Prétentions et moyens des parties
À l'audience du 11 septembre 2024, [Localité 4] HABITAT OPH, représenté par son conseil, maintient l'intégralité de ses demandes, et précise que la dette locative, actualisée au 11 septembre 2024, s'élève désormais à 17 630, 15 euros, terme d’aout 2024 inclus. Il déclare, par ailleurs, accepter le plan d'apurement de cette dette proposé par la défenderesse. [Localité 4] HABITAT OPH considère enfin qu'il y a bien eu une reprise du paiement intégral du loyer courant avant l'audience, au sens de l’article 24 de la loi du 6 juillet 1989.
Mme [G] [Z], qui comparait à l’audience, reconnaît en effet le montant de la dette locative et demande à pouvoir se maintenir dans les lieux moyennant le versement d'une mensualité d'apurement de 50 euros, en plus du loyer courant.
Mme [G] [Z] expose que son salaire est très bas, environ 800 euros par mois. Elle indique qu’elle n’avait plus droit à la CAF parce que ses enfants sont grands et elle explique que la situation devrait s’améliorer puisqu’un dossier FSL est en cours de constitution et qu’elle va faire l’objet d’un rappel de l’APL.

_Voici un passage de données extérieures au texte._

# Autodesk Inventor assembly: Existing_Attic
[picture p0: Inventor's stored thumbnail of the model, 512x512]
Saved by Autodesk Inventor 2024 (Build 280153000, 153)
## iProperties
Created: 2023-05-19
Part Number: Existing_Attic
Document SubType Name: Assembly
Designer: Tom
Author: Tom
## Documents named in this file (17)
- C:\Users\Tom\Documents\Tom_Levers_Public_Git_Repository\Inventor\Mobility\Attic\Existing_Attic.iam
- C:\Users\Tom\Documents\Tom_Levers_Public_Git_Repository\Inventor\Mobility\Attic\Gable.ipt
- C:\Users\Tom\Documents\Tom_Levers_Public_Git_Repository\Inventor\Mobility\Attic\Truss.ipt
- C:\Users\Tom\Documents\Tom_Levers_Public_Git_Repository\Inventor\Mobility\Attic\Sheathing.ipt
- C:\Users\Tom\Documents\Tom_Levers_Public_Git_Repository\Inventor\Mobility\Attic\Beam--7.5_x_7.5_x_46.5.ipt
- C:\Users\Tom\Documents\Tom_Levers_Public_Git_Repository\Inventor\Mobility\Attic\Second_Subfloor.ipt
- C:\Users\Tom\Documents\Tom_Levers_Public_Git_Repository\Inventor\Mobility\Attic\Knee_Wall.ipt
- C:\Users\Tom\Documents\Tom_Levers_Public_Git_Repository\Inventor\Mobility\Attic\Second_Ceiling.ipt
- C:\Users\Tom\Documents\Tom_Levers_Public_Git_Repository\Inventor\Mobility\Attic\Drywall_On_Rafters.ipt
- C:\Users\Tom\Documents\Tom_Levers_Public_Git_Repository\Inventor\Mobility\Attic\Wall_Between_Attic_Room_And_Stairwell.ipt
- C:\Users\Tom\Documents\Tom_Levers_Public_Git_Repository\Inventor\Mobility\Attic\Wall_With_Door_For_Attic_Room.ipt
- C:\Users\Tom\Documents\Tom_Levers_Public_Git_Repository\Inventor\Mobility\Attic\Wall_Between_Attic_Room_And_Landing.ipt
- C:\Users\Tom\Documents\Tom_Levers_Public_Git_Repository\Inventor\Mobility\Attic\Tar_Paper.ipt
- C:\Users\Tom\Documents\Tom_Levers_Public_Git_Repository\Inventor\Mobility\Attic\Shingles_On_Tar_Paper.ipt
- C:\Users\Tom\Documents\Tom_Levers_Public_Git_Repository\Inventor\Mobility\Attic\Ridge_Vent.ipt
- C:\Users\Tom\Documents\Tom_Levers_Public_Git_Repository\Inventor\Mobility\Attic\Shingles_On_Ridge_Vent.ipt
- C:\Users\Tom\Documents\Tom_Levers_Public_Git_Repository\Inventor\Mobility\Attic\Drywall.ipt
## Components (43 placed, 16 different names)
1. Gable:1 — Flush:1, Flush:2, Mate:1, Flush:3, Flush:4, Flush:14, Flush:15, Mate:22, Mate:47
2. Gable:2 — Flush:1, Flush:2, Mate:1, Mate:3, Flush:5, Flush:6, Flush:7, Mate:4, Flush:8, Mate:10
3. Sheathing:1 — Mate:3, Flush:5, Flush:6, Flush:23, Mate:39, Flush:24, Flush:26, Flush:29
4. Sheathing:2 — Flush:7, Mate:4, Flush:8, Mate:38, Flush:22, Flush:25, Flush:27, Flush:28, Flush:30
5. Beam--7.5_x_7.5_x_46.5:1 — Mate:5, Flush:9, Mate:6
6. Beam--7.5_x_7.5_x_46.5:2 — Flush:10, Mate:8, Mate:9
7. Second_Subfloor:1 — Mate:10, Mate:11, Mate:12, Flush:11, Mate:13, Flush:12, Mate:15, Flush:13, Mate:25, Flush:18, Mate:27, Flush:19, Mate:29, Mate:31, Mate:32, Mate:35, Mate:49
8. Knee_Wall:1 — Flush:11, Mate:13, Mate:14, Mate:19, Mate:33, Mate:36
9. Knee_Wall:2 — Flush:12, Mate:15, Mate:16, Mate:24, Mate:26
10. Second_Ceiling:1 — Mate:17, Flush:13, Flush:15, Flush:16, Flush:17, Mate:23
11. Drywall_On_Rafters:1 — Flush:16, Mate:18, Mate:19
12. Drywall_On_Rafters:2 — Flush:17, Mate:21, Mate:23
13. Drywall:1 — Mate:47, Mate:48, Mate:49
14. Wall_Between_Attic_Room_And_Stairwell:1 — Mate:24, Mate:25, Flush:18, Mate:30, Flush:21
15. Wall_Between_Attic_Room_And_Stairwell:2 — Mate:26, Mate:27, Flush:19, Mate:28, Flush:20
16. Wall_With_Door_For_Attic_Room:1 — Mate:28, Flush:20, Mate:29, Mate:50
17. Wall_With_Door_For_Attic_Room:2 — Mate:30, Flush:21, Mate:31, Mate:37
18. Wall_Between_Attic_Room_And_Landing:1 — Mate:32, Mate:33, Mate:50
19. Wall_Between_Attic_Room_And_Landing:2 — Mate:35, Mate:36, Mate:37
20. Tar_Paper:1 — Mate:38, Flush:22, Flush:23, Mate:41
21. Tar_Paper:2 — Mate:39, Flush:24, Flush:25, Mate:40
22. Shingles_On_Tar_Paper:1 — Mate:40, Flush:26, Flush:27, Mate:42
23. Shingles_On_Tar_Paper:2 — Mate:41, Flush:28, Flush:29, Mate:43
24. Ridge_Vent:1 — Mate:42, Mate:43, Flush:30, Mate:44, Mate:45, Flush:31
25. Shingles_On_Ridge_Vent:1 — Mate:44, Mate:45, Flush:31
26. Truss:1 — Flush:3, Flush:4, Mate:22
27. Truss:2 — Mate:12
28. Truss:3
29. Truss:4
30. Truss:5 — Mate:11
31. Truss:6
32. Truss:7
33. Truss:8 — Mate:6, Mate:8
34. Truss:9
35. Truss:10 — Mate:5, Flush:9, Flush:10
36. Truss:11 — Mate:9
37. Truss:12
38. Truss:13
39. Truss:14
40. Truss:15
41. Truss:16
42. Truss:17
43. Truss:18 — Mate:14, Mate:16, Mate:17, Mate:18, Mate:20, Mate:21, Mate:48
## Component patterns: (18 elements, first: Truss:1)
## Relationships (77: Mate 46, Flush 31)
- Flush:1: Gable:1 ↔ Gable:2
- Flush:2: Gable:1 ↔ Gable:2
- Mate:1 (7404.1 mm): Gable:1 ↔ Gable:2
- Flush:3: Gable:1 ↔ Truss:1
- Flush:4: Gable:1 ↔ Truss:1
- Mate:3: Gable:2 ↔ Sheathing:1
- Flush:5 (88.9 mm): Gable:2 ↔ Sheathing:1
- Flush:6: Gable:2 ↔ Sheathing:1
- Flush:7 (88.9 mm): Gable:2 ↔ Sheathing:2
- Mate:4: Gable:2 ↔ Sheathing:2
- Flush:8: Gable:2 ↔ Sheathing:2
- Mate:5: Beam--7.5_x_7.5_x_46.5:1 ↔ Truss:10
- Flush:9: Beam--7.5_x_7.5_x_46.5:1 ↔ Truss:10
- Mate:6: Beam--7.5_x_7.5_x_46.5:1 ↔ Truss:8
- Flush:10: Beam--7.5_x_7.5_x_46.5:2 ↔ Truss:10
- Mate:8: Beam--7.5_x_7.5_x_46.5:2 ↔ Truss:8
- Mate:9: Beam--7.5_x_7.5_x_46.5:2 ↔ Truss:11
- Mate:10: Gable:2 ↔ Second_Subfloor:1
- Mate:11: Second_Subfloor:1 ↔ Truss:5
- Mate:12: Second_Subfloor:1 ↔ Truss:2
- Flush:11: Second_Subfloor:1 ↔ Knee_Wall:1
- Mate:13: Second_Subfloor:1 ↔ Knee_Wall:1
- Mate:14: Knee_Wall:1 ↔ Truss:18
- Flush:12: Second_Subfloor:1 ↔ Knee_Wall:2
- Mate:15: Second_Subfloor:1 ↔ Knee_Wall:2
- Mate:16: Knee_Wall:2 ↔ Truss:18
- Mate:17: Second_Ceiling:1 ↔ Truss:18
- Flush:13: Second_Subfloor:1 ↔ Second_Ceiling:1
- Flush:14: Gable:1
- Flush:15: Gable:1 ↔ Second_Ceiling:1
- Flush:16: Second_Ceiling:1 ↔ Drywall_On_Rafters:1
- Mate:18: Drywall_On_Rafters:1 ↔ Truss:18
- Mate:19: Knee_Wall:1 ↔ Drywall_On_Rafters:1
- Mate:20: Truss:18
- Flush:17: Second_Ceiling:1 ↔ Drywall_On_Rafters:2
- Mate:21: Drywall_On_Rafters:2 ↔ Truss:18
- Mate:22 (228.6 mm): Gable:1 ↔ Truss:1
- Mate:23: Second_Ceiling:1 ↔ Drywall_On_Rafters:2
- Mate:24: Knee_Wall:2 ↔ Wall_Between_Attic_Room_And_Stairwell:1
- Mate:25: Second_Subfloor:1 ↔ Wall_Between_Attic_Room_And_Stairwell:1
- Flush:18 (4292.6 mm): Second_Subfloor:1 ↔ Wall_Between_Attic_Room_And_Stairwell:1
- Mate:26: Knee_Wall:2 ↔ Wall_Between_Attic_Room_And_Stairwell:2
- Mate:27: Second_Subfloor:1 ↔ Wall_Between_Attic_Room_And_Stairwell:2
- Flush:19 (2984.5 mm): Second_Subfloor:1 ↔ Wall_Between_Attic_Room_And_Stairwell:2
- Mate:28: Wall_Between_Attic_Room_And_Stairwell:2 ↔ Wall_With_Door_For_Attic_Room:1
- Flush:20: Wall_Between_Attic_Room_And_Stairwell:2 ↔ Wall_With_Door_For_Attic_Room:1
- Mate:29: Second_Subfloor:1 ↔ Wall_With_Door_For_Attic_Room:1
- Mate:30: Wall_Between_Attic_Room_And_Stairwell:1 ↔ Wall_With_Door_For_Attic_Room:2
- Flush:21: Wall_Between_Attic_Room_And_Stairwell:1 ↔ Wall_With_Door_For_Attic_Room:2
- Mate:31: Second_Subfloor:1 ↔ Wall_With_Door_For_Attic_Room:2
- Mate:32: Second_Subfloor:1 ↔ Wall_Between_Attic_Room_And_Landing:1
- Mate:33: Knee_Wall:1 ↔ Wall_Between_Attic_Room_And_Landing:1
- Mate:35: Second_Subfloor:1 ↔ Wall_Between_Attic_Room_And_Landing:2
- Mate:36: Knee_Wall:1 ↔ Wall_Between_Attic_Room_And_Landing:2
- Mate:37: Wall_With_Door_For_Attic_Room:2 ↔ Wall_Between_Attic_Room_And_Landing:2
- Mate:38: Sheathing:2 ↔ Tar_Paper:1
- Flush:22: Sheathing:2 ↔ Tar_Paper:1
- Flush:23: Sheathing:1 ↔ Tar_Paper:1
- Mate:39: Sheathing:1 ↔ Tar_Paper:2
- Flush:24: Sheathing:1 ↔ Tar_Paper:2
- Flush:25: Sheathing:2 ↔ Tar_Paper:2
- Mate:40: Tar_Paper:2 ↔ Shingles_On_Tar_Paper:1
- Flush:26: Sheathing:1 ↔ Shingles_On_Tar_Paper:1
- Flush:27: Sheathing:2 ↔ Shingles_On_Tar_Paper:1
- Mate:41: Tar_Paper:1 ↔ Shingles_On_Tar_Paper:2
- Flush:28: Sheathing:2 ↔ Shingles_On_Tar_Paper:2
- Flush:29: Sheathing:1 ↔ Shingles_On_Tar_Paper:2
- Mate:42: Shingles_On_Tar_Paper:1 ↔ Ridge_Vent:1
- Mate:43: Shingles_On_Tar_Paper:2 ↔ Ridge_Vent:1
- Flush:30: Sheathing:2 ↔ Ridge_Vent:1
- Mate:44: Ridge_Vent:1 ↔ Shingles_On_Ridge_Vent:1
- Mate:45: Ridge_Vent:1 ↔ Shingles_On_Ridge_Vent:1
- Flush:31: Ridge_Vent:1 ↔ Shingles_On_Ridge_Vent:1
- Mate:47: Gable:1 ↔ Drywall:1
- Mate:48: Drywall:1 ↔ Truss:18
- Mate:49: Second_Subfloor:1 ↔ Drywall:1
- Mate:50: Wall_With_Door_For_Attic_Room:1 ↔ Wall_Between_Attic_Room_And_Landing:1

Les parties sollicitent la suspension des effets de la clause résolutoire pendant le cours des délais de paiement.
En application de l'article 24 V de la loi n° 89-462 du 6 juillet 1989, les parties ont été invitées à produire tous éléments relatifs à l’existence d’une procédure de traitement du surendettement au sens du livre VII du code de la consommation.
Mme [G] [Z] a indiqué ne pas faire l’objet d’une telle procédure.
À l’issue des débats, la décision a été mise en délibéré jusqu’à ce jour, où elle a été mise à disposition des parties au greffe.
MOTIVATION
1. Sur la demande de constat de la résiliation du bail 1.1. Sur la recevabilité de la demande
[Localité 4] HABITAT OPH justifie avoir notifié l’assignation au représentant de l’État dans le département plus de six semaines avant l’audience. Il justifie également avoir saisi la commission de coordination des actions prévention des expulsions locatives deux mois au moins avant la délivrance de l’assignation.
Son action est donc recevable au regard des dispositions de l’article 24 de la loi n°89-462 du 6 juillet 1989.